(Items from a dataset)
□ □ □
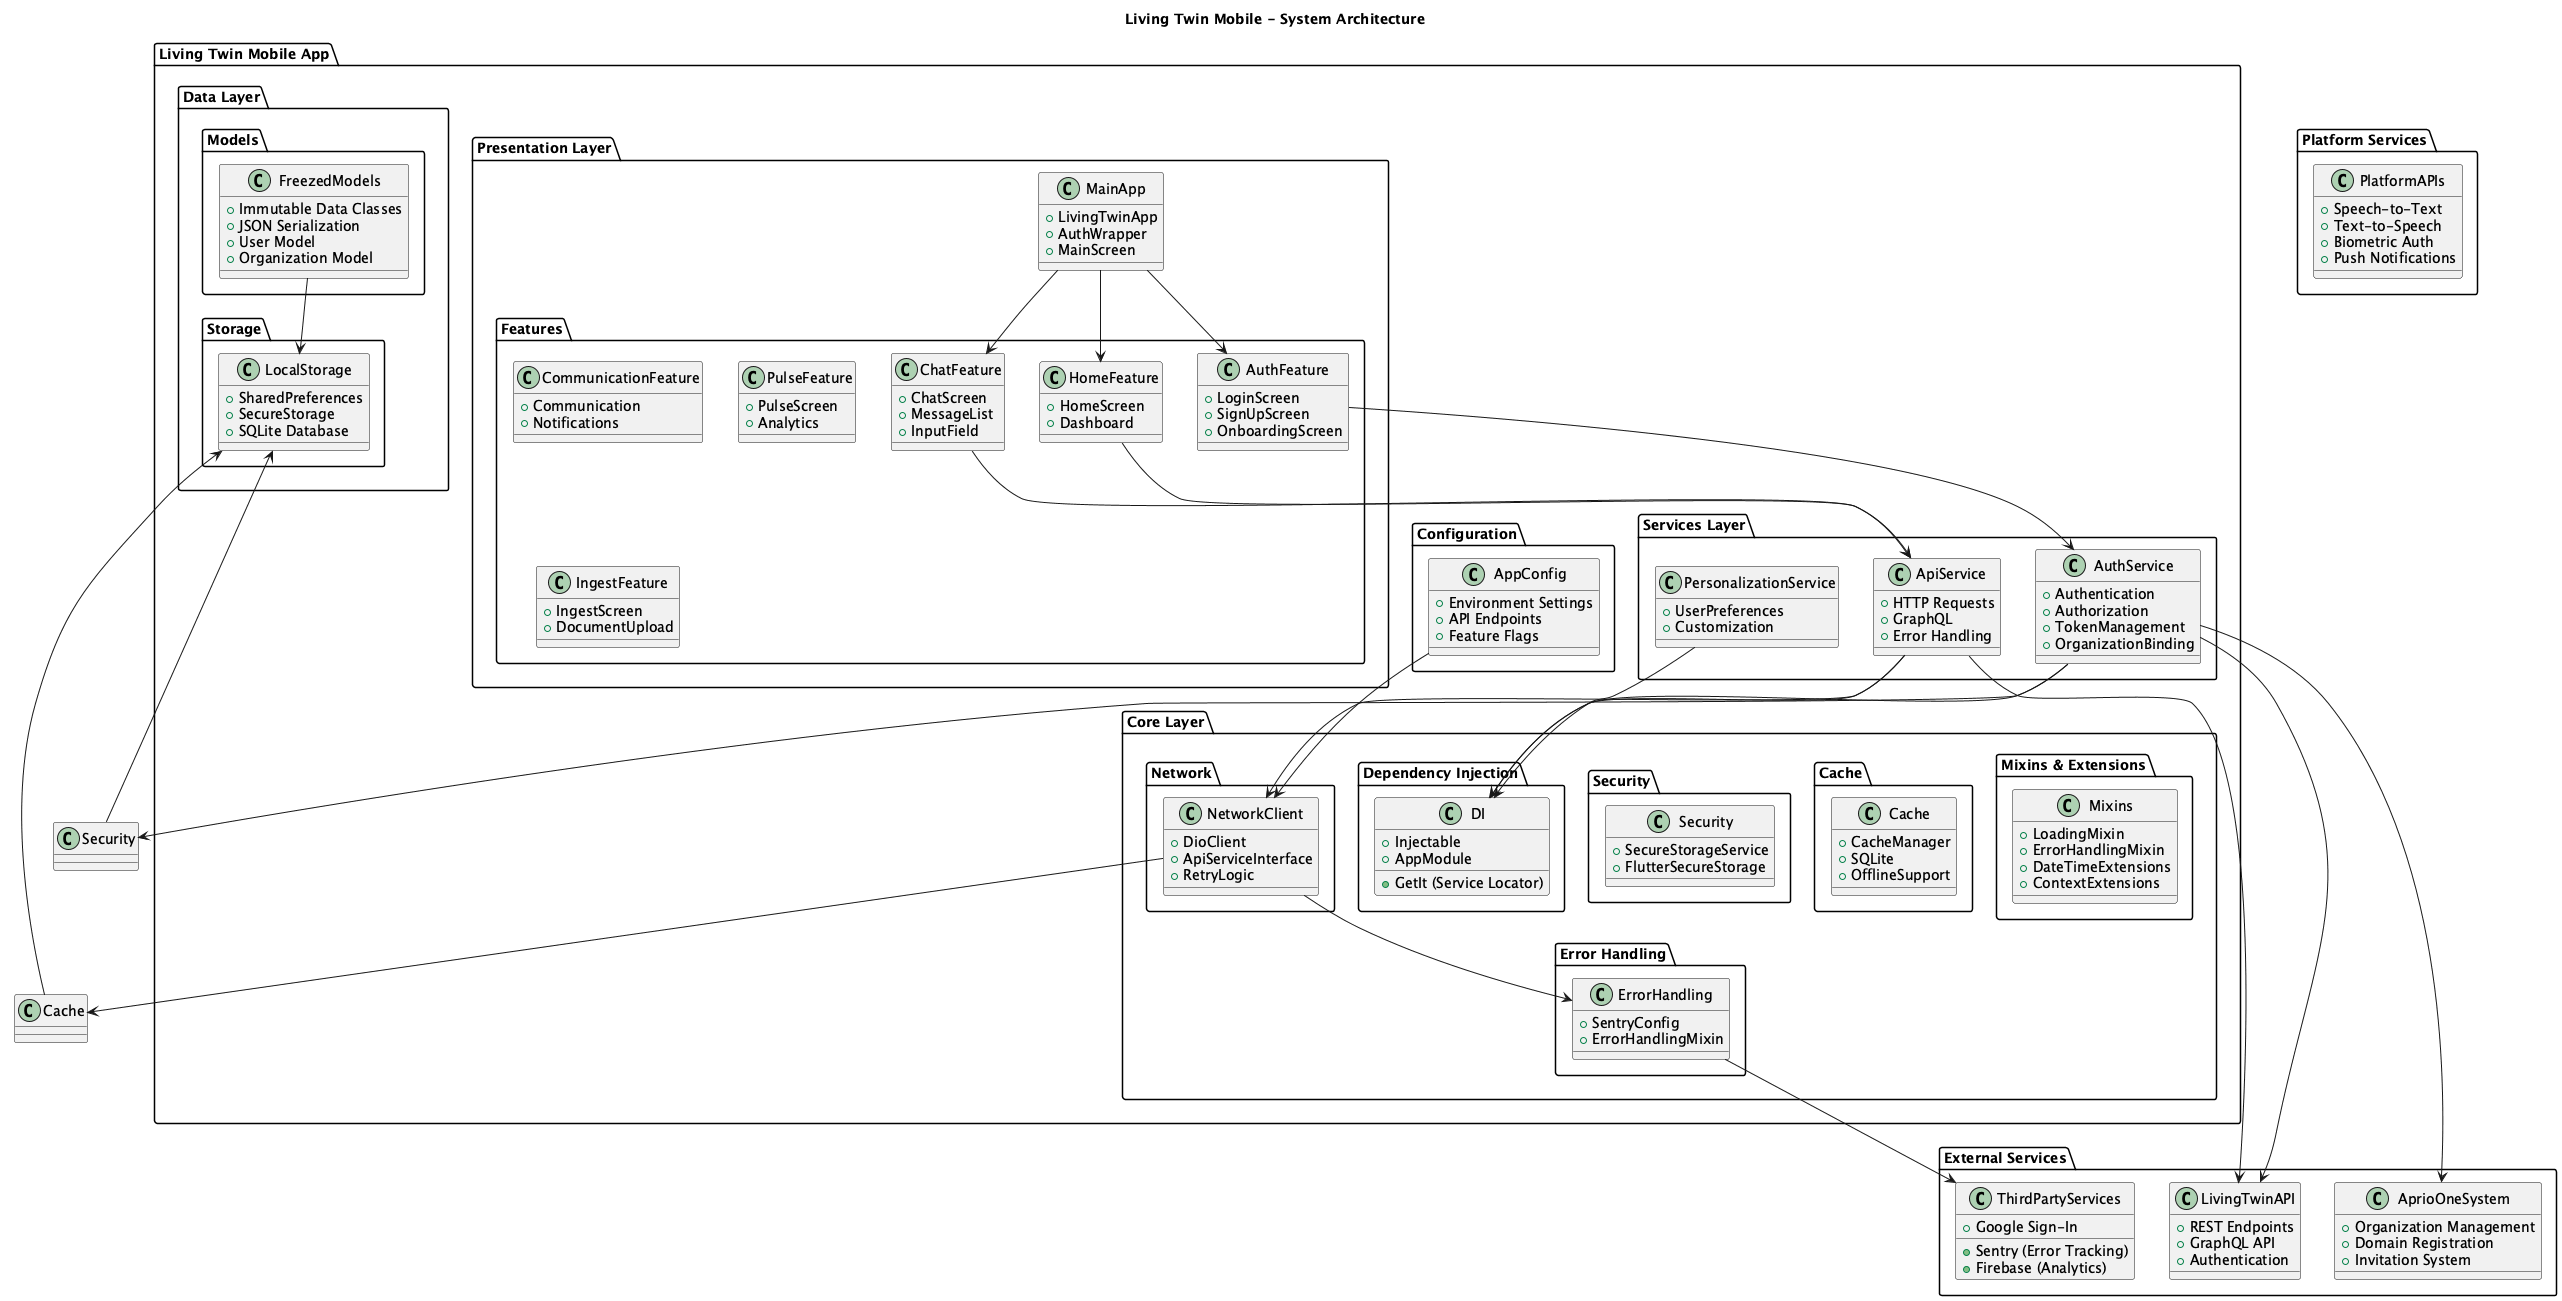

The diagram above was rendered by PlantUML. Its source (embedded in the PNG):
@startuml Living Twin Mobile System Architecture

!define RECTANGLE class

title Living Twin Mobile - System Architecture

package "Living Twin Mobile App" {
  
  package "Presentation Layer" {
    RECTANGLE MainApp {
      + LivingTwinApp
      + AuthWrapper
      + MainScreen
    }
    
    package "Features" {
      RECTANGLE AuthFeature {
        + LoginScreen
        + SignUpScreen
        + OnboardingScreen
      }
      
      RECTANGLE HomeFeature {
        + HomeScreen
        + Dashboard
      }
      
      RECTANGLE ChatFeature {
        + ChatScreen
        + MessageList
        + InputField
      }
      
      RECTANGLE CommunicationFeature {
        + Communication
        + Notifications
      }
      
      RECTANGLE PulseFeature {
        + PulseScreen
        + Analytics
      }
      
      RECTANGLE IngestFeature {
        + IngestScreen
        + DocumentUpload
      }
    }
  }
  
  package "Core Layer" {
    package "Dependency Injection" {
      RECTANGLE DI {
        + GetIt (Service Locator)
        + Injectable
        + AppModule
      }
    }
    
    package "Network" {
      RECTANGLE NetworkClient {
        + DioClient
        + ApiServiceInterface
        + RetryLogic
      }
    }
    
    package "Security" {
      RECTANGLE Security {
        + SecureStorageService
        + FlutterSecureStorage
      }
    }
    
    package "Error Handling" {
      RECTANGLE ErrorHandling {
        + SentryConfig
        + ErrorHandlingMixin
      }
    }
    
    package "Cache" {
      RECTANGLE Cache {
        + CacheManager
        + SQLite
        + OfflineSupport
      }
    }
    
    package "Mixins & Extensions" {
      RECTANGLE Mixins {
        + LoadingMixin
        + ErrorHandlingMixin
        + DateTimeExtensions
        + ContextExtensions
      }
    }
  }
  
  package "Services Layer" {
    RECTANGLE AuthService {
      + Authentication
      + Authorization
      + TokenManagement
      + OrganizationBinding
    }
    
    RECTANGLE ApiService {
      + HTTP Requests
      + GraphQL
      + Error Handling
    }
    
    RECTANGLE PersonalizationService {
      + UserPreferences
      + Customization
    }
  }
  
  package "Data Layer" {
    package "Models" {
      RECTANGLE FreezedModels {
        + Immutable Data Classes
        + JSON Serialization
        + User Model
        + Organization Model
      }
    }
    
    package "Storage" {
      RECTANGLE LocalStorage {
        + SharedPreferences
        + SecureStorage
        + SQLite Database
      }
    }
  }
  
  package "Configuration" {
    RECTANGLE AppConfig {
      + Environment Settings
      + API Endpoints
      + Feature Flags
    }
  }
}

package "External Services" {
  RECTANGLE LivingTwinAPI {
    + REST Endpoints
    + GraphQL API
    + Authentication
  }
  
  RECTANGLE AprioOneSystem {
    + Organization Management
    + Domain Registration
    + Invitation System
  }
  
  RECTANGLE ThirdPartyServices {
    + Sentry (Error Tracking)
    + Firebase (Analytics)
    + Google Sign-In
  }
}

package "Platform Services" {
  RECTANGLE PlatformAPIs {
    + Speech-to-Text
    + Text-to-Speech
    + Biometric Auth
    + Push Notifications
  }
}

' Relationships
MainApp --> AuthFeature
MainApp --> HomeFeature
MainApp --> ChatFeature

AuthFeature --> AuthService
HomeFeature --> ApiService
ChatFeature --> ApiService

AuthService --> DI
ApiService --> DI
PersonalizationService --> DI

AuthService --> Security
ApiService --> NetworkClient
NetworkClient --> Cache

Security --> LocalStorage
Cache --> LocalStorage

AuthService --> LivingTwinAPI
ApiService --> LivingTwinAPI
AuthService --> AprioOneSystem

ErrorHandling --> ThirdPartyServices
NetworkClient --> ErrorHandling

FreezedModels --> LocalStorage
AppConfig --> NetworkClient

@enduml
□ □ □
#### To do:
Print every line above exactly. Leave the pictures out.

#### Solution to the problem:
The diagram above was rendered by PlantUML. Its source (embedded in the PNG):
@startuml Living Twin Mobile System Architecture

!define RECTANGLE class

title Living Twin Mobile - System Architecture

package "Living Twin Mobile App" {
  
  package "Presentation Layer" {
    RECTANGLE MainApp {
      + LivingTwinApp
      + AuthWrapper
      + MainScreen
    }
    
    package "Features" {
      RECTANGLE AuthFeature {
        + LoginScreen
        + SignUpScreen
        + OnboardingScreen
      }
      
      RECTANGLE HomeFeature {
        + HomeScreen
        + Dashboard
      }
      
      RECTANGLE ChatFeature {
        + ChatScreen
        + MessageList
        + InputField
      }
      
      RECTANGLE CommunicationFeature {
        + Communication
        + Notifications
      }
      
      RECTANGLE PulseFeature {
        + PulseScreen
        + Analytics
      }
      
      RECTANGLE IngestFeature {
        + IngestScreen
        + DocumentUpload
      }
    }
  }
  
  package "Core Layer" {
    package "Dependency Injection" {
      RECTANGLE DI {
        + GetIt (Service Locator)
        + Injectable
        + AppModule
      }
    }
    
    package "Network" {
      RECTANGLE NetworkClient {
        + DioClient
        + ApiServiceInterface
        + RetryLogic
      }
    }
    
    package "Security" {
      RECTANGLE Security {
        + SecureStorageService
        + FlutterSecureStorage
      }
    }
    
    package "Error Handling" {
      RECTANGLE ErrorHandling {
        + SentryConfig
        + ErrorHandlingMixin
      }
    }
    
    package "Cache" {
      RECTANGLE Cache {
        + CacheManager
        + SQLite
        + OfflineSupport
      }
    }
    
    package "Mixins & Extensions" {
      RECTANGLE Mixins {
        + LoadingMixin
        + ErrorHandlingMixin
        + DateTimeExtensions
        + ContextExtensions
      }
    }
  }
  
  package "Services Layer" {
    RECTANGLE AuthService {
      + Authentication
      + Authorization
      + TokenManagement
      + OrganizationBinding
    }
    
    RECTANGLE ApiService {
      + HTTP Requests
      + GraphQL
      + Error Handling
    }
    
    RECTANGLE PersonalizationService {
      + UserPreferences
      + Customization
    }
  }
  
  package "Data Layer" {
    package "Models" {
      RECTANGLE FreezedModels {
        + Immutable Data Classes
        + JSON Serialization
        + User Model
        + Organization Model
      }
    }
    
    package "Storage" {
      RECTANGLE LocalStorage {
        + SharedPreferences
        + SecureStorage
        + SQLite Database
      }
    }
  }
  
  package "Configuration" {
    RECTANGLE AppConfig {
      + Environment Settings
      + API Endpoints
      + Feature Flags
    }
  }
}

package "External Services" {
  RECTANGLE LivingTwinAPI {
    + REST Endpoints
    + GraphQL API
    + Authentication
  }
  
  RECTANGLE AprioOneSystem {
    + Organization Management
    + Domain Registration
    + Invitation System
  }
  
  RECTANGLE ThirdPartyServices {
    + Sentry (Error Tracking)
    + Firebase (Analytics)
    + Google Sign-In
  }
}

package "Platform Services" {
  RECTANGLE PlatformAPIs {
    + Speech-to-Text
    + Text-to-Speech
    + Biometric Auth
    + Push Notifications
  }
}

' Relationships
MainApp --> AuthFeature
MainApp --> HomeFeature
MainApp --> ChatFeature

AuthFeature --> AuthService
HomeFeature --> ApiService
ChatFeature --> ApiService

AuthService --> DI
ApiService --> DI
PersonalizationService --> DI

AuthService --> Security
ApiService --> NetworkClient
NetworkClient --> Cache

Security --> LocalStorage
Cache --> LocalStorage

AuthService --> LivingTwinAPI
ApiService --> LivingTwinAPI
AuthService --> AprioOneSystem

ErrorHandling --> ThirdPartyServices
NetworkClient --> ErrorHandling

FreezedModels --> LocalStorage
AppConfig --> NetworkClient

@enduml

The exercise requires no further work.